Wednesday, August 16, 2017

Movies, by Gillian


I have never been a really fully-paid-up member of the movie-goers club. In fact I seem to have had, over my lifetime, something of a love/hate relationship with movies. The love side has been made up mostly of documentaries, or what they call 'docudramas', which probably makes me something of a dull person to be around; someone who prefers, for the most part, fact over fiction. Strangely, though, the opposite is true of books. I rarely read non-fiction books, much preferring to escape into the land of make-believe.

Perhaps it is in fact that very make-believe which has tripped me up. My childhood, in the time and place that it was, related little to movies. There were cinemas in the towns in the England of the 1940's and '50's but I and my family and friends had no way to get to them. There were early TV's, too, in some places, but non of us had one. So escape was down to books. And once you are accustomed to using your own imagination, making the written story and characters look exactly the way you want them, it's hard to switch happily to strangers creating the images for you.
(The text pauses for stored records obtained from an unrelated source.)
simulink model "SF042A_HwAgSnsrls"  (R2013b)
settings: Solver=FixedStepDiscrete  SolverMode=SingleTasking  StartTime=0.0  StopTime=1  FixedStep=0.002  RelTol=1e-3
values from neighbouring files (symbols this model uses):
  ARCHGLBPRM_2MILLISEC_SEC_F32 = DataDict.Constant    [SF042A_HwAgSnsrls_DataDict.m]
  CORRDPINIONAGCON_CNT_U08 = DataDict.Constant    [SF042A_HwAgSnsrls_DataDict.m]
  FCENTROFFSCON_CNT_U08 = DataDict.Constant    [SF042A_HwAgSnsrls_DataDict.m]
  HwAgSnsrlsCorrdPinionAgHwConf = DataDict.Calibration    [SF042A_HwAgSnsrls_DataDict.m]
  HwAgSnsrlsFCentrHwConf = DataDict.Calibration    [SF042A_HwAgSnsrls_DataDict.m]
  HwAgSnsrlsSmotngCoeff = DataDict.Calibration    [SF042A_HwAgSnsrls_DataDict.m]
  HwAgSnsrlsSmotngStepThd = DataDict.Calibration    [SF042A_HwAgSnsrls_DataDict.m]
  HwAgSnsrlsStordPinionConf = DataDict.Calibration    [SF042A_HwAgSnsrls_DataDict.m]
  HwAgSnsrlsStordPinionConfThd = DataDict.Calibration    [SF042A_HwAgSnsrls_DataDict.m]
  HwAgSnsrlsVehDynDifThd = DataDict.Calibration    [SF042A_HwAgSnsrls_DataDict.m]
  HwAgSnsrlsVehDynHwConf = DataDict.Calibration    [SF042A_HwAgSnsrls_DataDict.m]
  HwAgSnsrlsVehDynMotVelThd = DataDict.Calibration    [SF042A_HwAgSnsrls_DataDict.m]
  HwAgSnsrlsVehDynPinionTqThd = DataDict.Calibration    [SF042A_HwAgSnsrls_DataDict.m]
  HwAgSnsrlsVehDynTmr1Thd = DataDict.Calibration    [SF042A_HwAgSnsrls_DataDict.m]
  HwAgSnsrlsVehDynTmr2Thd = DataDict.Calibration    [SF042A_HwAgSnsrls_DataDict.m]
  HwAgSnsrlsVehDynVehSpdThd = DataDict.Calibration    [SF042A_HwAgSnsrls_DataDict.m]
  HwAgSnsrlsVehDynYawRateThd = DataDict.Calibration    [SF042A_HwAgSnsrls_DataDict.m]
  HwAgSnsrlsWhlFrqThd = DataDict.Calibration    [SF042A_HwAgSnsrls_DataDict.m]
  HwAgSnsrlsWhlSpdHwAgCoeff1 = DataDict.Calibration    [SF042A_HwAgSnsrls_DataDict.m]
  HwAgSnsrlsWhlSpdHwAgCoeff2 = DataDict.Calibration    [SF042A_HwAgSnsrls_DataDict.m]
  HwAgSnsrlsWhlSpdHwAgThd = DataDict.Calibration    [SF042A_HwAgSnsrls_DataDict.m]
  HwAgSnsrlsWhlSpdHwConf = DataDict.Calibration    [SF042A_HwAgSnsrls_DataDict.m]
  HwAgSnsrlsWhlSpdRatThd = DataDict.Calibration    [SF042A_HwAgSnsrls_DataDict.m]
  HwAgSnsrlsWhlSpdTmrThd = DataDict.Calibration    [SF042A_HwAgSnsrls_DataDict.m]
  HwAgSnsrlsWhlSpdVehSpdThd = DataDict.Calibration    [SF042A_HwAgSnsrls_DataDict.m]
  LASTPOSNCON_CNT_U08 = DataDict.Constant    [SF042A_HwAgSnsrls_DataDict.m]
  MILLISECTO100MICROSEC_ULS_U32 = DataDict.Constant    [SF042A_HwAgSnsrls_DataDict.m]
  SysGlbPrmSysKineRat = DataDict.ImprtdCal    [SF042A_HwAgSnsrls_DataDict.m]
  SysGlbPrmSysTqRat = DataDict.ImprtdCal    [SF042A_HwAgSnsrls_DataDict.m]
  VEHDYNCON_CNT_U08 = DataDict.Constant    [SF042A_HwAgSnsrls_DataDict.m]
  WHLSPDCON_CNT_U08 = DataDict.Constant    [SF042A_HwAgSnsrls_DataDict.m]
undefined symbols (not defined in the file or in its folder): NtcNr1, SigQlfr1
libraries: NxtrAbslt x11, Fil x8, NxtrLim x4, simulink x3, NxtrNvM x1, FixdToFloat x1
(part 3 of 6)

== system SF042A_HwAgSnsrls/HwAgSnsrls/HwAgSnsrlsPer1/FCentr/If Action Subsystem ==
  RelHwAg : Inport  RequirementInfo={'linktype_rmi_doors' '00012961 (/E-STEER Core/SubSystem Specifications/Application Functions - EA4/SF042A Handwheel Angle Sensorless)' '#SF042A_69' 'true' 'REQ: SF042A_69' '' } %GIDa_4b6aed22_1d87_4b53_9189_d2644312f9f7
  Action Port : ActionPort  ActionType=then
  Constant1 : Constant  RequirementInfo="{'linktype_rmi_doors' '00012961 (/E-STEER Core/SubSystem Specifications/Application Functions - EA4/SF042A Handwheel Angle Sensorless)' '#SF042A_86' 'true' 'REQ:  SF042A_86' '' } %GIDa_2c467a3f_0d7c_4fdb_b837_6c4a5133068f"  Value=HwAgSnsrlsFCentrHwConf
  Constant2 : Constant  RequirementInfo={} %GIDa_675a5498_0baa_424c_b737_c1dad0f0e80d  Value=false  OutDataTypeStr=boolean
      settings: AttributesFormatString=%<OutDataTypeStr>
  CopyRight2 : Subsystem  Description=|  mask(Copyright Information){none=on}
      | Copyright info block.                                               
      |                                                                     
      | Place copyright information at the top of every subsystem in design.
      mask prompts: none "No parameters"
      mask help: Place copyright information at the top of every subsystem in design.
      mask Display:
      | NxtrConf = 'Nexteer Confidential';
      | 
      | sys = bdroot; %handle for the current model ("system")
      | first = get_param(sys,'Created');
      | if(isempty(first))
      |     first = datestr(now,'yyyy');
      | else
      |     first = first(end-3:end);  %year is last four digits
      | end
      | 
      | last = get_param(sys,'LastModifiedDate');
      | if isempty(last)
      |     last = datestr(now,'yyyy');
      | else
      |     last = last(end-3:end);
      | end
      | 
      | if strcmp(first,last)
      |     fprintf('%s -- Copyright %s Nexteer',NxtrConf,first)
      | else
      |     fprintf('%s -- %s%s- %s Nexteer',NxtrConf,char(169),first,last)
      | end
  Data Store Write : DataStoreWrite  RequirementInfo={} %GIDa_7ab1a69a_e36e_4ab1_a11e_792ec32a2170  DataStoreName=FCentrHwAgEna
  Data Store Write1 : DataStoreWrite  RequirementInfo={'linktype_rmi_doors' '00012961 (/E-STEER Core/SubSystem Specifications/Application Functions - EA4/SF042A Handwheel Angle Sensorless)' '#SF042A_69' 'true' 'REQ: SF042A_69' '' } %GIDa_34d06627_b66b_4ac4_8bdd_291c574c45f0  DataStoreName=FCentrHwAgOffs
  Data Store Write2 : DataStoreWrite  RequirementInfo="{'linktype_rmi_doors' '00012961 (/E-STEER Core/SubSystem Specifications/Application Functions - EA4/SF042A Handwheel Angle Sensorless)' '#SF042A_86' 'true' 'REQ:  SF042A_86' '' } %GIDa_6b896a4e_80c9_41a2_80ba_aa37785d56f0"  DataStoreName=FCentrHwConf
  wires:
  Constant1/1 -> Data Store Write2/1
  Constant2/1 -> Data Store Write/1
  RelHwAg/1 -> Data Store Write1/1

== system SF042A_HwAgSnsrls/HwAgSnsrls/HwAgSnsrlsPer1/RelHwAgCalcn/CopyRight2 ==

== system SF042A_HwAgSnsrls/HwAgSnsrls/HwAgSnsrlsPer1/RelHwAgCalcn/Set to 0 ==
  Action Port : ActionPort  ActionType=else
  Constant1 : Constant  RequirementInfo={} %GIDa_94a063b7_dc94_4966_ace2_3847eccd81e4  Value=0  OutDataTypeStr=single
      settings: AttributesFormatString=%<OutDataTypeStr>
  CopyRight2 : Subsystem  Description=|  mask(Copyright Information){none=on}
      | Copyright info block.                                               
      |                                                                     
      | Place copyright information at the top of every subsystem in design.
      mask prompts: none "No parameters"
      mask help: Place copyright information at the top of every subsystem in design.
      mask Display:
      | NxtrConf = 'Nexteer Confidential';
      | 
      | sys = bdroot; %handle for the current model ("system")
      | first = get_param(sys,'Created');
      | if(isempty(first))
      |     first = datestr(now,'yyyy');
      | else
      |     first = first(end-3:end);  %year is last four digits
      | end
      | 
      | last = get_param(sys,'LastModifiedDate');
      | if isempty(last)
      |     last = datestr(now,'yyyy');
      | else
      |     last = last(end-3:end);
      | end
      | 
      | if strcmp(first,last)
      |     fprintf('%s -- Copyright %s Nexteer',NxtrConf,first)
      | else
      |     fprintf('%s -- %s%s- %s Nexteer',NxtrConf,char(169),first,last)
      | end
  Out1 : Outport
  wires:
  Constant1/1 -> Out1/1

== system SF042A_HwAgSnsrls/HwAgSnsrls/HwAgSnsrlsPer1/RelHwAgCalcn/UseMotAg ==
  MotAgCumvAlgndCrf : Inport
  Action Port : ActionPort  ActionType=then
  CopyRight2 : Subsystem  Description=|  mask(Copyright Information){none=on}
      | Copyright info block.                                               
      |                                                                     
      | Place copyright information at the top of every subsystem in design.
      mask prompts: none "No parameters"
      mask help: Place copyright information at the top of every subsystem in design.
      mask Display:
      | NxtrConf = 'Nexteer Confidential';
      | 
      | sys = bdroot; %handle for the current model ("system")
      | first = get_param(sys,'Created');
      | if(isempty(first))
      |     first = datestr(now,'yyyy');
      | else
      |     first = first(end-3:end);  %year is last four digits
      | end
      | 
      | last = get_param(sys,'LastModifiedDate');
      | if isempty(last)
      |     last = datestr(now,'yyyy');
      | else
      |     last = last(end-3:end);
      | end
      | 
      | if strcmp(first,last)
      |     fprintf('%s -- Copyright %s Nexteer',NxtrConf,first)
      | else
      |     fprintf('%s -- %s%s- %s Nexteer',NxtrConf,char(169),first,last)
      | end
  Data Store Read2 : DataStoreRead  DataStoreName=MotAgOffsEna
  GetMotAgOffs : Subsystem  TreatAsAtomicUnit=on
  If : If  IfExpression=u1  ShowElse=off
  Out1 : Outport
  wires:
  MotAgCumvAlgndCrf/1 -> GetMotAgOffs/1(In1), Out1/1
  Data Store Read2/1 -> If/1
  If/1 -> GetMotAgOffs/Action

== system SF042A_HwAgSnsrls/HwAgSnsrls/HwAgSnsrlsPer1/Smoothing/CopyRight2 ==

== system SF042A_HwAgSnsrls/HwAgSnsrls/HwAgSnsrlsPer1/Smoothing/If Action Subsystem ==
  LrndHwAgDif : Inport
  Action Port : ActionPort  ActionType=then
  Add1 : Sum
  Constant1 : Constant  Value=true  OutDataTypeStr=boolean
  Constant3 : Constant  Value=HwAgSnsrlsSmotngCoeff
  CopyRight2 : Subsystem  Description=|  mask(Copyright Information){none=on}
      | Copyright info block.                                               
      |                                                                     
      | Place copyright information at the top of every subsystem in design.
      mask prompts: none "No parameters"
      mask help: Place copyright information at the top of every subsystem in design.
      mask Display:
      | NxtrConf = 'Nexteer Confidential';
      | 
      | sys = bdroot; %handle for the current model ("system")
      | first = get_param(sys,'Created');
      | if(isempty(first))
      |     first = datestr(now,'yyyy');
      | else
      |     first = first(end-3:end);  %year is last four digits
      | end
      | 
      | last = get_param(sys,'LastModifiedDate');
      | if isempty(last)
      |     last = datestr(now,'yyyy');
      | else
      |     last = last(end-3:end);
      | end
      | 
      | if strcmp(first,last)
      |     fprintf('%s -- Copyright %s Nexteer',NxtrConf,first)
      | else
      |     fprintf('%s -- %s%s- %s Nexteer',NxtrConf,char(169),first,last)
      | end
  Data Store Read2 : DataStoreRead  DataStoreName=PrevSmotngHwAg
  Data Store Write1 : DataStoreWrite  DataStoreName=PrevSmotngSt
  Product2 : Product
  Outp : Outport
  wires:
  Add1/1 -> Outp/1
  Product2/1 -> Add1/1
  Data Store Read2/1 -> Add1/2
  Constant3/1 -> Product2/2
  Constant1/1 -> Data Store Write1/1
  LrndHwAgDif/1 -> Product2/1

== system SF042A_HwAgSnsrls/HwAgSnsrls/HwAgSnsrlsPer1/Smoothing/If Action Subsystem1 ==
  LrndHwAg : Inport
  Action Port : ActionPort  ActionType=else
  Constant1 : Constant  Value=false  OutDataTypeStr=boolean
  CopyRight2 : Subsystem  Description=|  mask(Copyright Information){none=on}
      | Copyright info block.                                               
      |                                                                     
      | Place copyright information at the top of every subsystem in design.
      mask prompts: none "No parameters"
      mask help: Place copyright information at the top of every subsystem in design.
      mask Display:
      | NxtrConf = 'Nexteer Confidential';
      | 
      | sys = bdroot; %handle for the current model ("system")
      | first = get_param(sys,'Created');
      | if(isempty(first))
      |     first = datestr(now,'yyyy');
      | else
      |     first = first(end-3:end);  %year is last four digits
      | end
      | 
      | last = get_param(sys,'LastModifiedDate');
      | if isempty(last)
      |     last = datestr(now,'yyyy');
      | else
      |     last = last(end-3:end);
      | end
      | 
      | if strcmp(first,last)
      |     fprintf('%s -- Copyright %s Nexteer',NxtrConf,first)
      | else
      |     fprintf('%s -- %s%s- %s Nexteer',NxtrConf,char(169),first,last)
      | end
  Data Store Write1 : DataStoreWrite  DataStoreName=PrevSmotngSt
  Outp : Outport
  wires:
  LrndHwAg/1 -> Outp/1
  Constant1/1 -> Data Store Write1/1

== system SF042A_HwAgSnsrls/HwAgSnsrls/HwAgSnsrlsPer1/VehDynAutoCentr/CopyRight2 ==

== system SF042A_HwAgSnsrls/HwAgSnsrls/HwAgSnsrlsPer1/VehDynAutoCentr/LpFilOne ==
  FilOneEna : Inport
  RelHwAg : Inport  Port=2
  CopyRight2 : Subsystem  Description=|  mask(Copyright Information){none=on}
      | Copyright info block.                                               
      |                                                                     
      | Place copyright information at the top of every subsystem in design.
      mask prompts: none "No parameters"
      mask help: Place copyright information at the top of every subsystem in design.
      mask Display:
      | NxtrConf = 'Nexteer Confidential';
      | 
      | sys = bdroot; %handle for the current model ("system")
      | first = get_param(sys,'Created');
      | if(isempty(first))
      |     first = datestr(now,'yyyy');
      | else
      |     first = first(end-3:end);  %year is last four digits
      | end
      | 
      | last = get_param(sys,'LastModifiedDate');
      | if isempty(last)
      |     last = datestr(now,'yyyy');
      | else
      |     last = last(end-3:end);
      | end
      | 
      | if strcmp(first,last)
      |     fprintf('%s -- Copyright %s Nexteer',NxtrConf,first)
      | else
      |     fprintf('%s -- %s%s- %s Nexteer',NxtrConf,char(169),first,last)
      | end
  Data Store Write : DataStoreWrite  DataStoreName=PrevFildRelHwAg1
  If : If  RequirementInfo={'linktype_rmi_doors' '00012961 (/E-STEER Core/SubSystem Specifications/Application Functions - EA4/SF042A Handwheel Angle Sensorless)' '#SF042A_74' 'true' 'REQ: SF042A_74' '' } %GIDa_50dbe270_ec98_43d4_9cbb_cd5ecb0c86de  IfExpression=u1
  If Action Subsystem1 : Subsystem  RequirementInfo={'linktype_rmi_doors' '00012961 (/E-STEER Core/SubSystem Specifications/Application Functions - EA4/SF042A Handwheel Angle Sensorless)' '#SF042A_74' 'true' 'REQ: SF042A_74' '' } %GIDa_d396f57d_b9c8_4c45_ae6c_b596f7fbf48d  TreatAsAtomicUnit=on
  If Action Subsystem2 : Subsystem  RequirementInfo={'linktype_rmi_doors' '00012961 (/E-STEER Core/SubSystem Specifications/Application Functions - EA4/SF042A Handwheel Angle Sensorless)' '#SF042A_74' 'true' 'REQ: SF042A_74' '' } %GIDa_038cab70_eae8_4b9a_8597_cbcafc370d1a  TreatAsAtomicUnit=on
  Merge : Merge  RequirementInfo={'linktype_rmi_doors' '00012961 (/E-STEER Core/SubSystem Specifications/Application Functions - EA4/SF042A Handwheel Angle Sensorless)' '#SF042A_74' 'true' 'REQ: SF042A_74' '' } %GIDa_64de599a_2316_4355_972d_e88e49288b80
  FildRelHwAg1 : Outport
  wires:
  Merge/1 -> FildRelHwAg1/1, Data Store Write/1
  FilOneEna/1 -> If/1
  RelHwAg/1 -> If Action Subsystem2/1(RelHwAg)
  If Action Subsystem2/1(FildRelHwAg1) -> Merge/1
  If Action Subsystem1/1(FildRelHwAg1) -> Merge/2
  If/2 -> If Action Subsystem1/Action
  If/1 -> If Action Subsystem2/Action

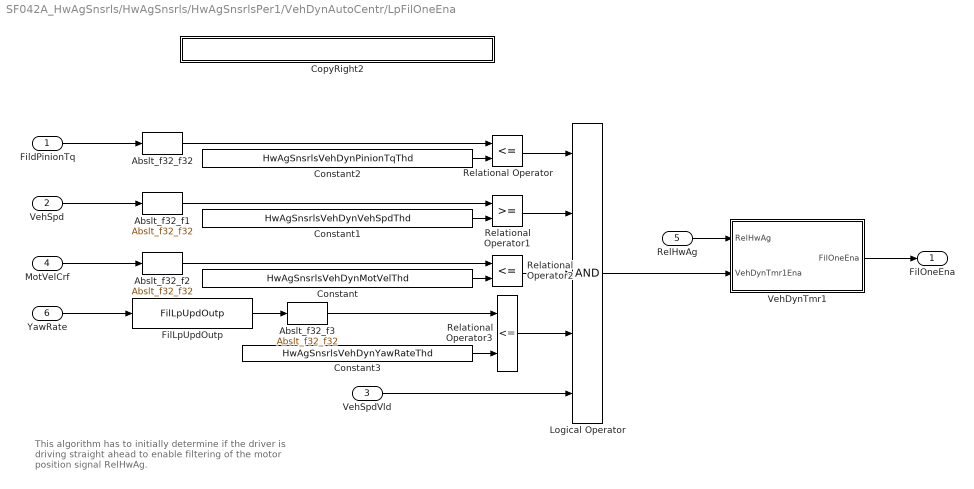
== system SF042A_HwAgSnsrls/HwAgSnsrls/HwAgSnsrlsPer1/VehDynAutoCentr/LpFilOneEna ==
  note: This algorithm has to initially determine if the driver is
      | driving straight ahead to enable filtering of the motor
      | position signal RelHwAg.
  FildPinionTq : Inport
  VehSpd : Inport  Port=2
  VehSpdVld : Inport  Port=3
  MotVelCrf : Inport  Port=4
  RelHwAg : Inport  Port=5
  YawRate : Inport  Port=6
  Abslt_f32_f1 : NxtrAbslt/Abslt_f32_f32  RequirementInfo={'linktype_rmi_doors' '00012961 (/E-STEER Core/SubSystem Specifications/Application Functions - EA4/SF042A Handwheel Angle Sensorless)' '#SF042A_73' 'true' 'REQ: SF042A_73' '' } %GIDa_47b4a5eb_74c9_48e6_977d_5f1b477ad6dd  SFunctionSpec=single y1 = Abslt_f32_f32(single u1)
      settings: AttributesFormatString=%<Name>
  Abslt_f32_f2 : NxtrAbslt/Abslt_f32_f32  RequirementInfo={'linktype_rmi_doors' '00012961 (/E-STEER Core/SubSystem Specifications/Application Functions - EA4/SF042A Handwheel Angle Sensorless)' '#SF042A_73' 'true' 'REQ: SF042A_73' '' } %GIDa_ea5515ef_69f8_4e78_8562_cc1ad73cd76b  SFunctionSpec=single y1 = Abslt_f32_f32(single u1)
      settings: AttributesFormatString=%<Name>
  Abslt_f32_f3 : NxtrAbslt/Abslt_f32_f32  RequirementInfo={'linktype_rmi_doors' '00012961 (/E-STEER Core/SubSystem Specifications/Application Functions - EA4/SF042A Handwheel Angle Sensorless)' '#SF042A_73' 'true' 'REQ: SF042A_73' '' } %GIDa_70050457_0f45_4f04_b196_a55d8517b918  SFunctionSpec=single y1 = Abslt_f32_f32(single u1)
      settings: AttributesFormatString=%<Name>
  Abslt_f32_f32 : NxtrAbslt/Abslt_f32_f32  RequirementInfo={'linktype_rmi_doors' '00012961 (/E-STEER Core/SubSystem Specifications/Application Functions - EA4/SF042A Handwheel Angle Sensorless)' '#SF042A_73' 'true' 'REQ: SF042A_73' '' } %GIDa_f624d835_a012_455e_a6e7_bf5bbda701df  SFunctionSpec=single y1 = Abslt_f32_f32(single u1)
      settings: AttributesFormatString=%<Name>
  Constant : Constant  RequirementInfo={'linktype_rmi_doors' '00012961 (/E-STEER Core/SubSystem Specifications/Application Functions - EA4/SF042A Handwheel Angle Sensorless)' '#SF042A_73' 'true' 'REQ: SF042A_73' '' } %GIDa_33de20e7_381d_4057_a25e_061ade792d0e  Value=HwAgSnsrlsVehDynMotVelThd
  Constant1 : Constant  RequirementInfo={'linktype_rmi_doors' '00012961 (/E-STEER Core/SubSystem Specifications/Application Functions - EA4/SF042A Handwheel Angle Sensorless)' '#SF042A_73' 'true' 'REQ: SF042A_73' '' } %GIDa_7455e53e_a0fa_4ad3_9554_8a19bfe16525  Value=HwAgSnsrlsVehDynVehSpdThd
  Constant2 : Constant  RequirementInfo={'linktype_rmi_doors' '00012961 (/E-STEER Core/SubSystem Specifications/Application Functions - EA4/SF042A Handwheel Angle Sensorless)' '#SF042A_73' 'true' 'REQ: SF042A_73' '' } %GIDa_60d6fec9_a19e_4266_9b3b_fb17078d585a  Value=HwAgSnsrlsVehDynPinionTqThd
  Constant3 : Constant  RequirementInfo={'linktype_rmi_doors' '00012961 (/E-STEER Core/SubSystem Specifications/Application Functions - EA4/SF042A Handwheel Angle Sensorless)' '#SF042A_73' 'true' 'REQ: SF042A_73' '' } %GIDa_08b4b183_3ae9_45ec_b5d2_fc4ee1e02481  Value=HwAgSnsrlsVehDynYawRateThd
  CopyRight2 : Subsystem  Description=|  mask(Copyright Information){none=on}
      | Copyright info block.                                               
      |                                                                     
      | Place copyright information at the top of every subsystem in design.
      mask prompts: none "No parameters"
      mask help: Place copyright information at the top of every subsystem in design.
      mask Display:
      | NxtrConf = 'Nexteer Confidential';
      | 
      | sys = bdroot; %handle for the current model ("system")
      | first = get_param(sys,'Created');
      | if(isempty(first))
      |     first = datestr(now,'yyyy');
      | else
      |     first = first(end-3:end);  %year is last four digits
      | end
      | 
      | last = get_param(sys,'LastModifiedDate');
      | if isempty(last)
      |     last = datestr(now,'yyyy');
      | else
      |     last = last(end-3:end);
      | end
      | 
      | if strcmp(first,last)
      |     fprintf('%s -- Copyright %s Nexteer',NxtrConf,first)
      | else
      |     fprintf('%s -- %s%s- %s Nexteer',NxtrConf,char(169),first,last)
      | end
  FilLpUpdOutp : Fil/FilLpUpdOutp  RequirementInfo={'linktype_rmi_doors' '00012961 (/E-STEER Core/SubSystem Specifications/Application Functions - EA4/SF042A Handwheel Angle Sensorless)' '#SF042A_73' 'true' 'REQ: SF042A_73' '' } %GIDa_2485b240_b275_4f39_b29a_c03896a8b7bb  StVar=YawRateFil
      settings: AttributesFormatString=StVar: %<StVar>
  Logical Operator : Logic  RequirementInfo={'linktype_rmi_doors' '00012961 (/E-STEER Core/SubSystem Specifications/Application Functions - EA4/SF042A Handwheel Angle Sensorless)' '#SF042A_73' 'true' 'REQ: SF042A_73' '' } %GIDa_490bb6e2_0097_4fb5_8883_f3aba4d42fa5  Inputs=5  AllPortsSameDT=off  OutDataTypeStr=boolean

And then, of course, there was the gay thing. Though barely even subliminal, in my youth, it was there. Reading the book, I could make Jane Eyre's obsessive love be for a somewhat androgynous Rochester. I could even, and this requires some strength of imagination, believe me, picture poor innocent Catherine Earnshaw with a vaguely unisex Heathcliff. But when, later in life, I saw the Wuthering Heights movie with that darkly menacing Laurence Olivier, he was so completely masculine that all fantasy faded. So, I couldn't really get into movies because they were so overwhelmingly, 100% at that time, heterosexual. So was literature, but anyone can take it wherever they want. These days, of course, we say that ol' Larry was bisexual, if not homosexual. But either way he's completely masculine. Books offer more options than movies.

One member of this Storytelling group, who rarely attends now, wrote one day of trying so hard to hide his infatuation with Tab Hunter. I cannot recall that day's topic, but I had written of my attempts to fake an attraction to Tab Hunter. I bought, in our nearest Woolworth's, a black and white pin-up photo of him, to attach to my school desk. Oh the sad irony of it, I thought. Two of us, sixty years ago, thousands of miles apart, trying so hard to use Tab Hunter - and why him, I ask myself - to define, or not define, our homosexuality. Thank God, those days are largely gone.

Now, when there is such vast choice of movies, I have favorites of all kinds. But I have still never fully embraced 'going to the movies', except for drive-ins which I always found to be great fun. For the most part, movies became more attractive to me when they became readily available from the comfort of my own home and my own couch.

One of my very favorite, totally fictional, movies, is 'Cloudburst', with Olympia Dukakis; the story of two old lesbians running off to Canada to be married. It is funny and sad: that perfect combination that creates fiction at it's best. I also watch 'The History Boys' every time it's on TV. A wonderful 'docudrama', which Betsy and I had somehow missed until it appeared on TV a couple of weeks ago, is ' Freeheld', the true story of a New Jersey police lieutenant, dying of cancer, fighting for her registered partner to receive her pension after her death, as would be the case with a heterosexual couple. There are endless documentaries, not to mention a full-length movie, about Alan Turing and all he suffered for his homosexuality. It's not that all I ever watch is movies, truth or fiction, depicting the plight of members of the GLBT community; but they exist.

That is an ever-amazing thing to me.

They exist.

Movies and I have followed the same path. We have been on a long journey, but we have arrived. And we will never, can never, go back. No matter what rhetoric spews from the mouths of those filled with hate, from Anita Bryant to our newly anointed vice-presidential candidate, we cannot, and they cannot, undo what we have done. I, and all of us here, now know ourselves. Everyone else know us. We tell our stories and the movies tell our stories; not the stories of us, in this room, perhaps, individually, but of us, anywhere and everywhere, collectively. We have travelled from invisibility to out and proud.

If John Cray and I were kids today, we could, at least in many schools, each embrace some modern equivalent of Tab Hunter quite openly; I with indifference and John with passion. Movies have played a huge part in our journey and we owe a debt of gratitude to those who conceived them, financed them, produced them, and above all to the many straight actors who were brave enough to act the part of a gay or lesbian in the early days, when they put their careers at risk by doing so.

In fact, As Roger Ebert, long-time film critic. stated so beautifully,

“We live in a box of space and time. Movies are windows in its walls. They allow us to enter other minds, not simply in the sense of identifying with the characters, although that is an important part of it, but by seeing the world as another person sees it.”

Through movies, others perhaps learned not only to see us, to know us, but, just for a short time, to be us.

© July 2016 

About the Author 

 I was born and raised in England. After graduation from college there, I moved to the U.S. and, having discovered Colorado, never left. I have lived in the Denver-Boulder area since 1965, working for 30-years at IBM. I married, raised four stepchildren, then got divorced after finally, in my forties, accepting myself as a lesbian. I have been with my wonderful partner Betsy for thirty-years. We have been married since 2013.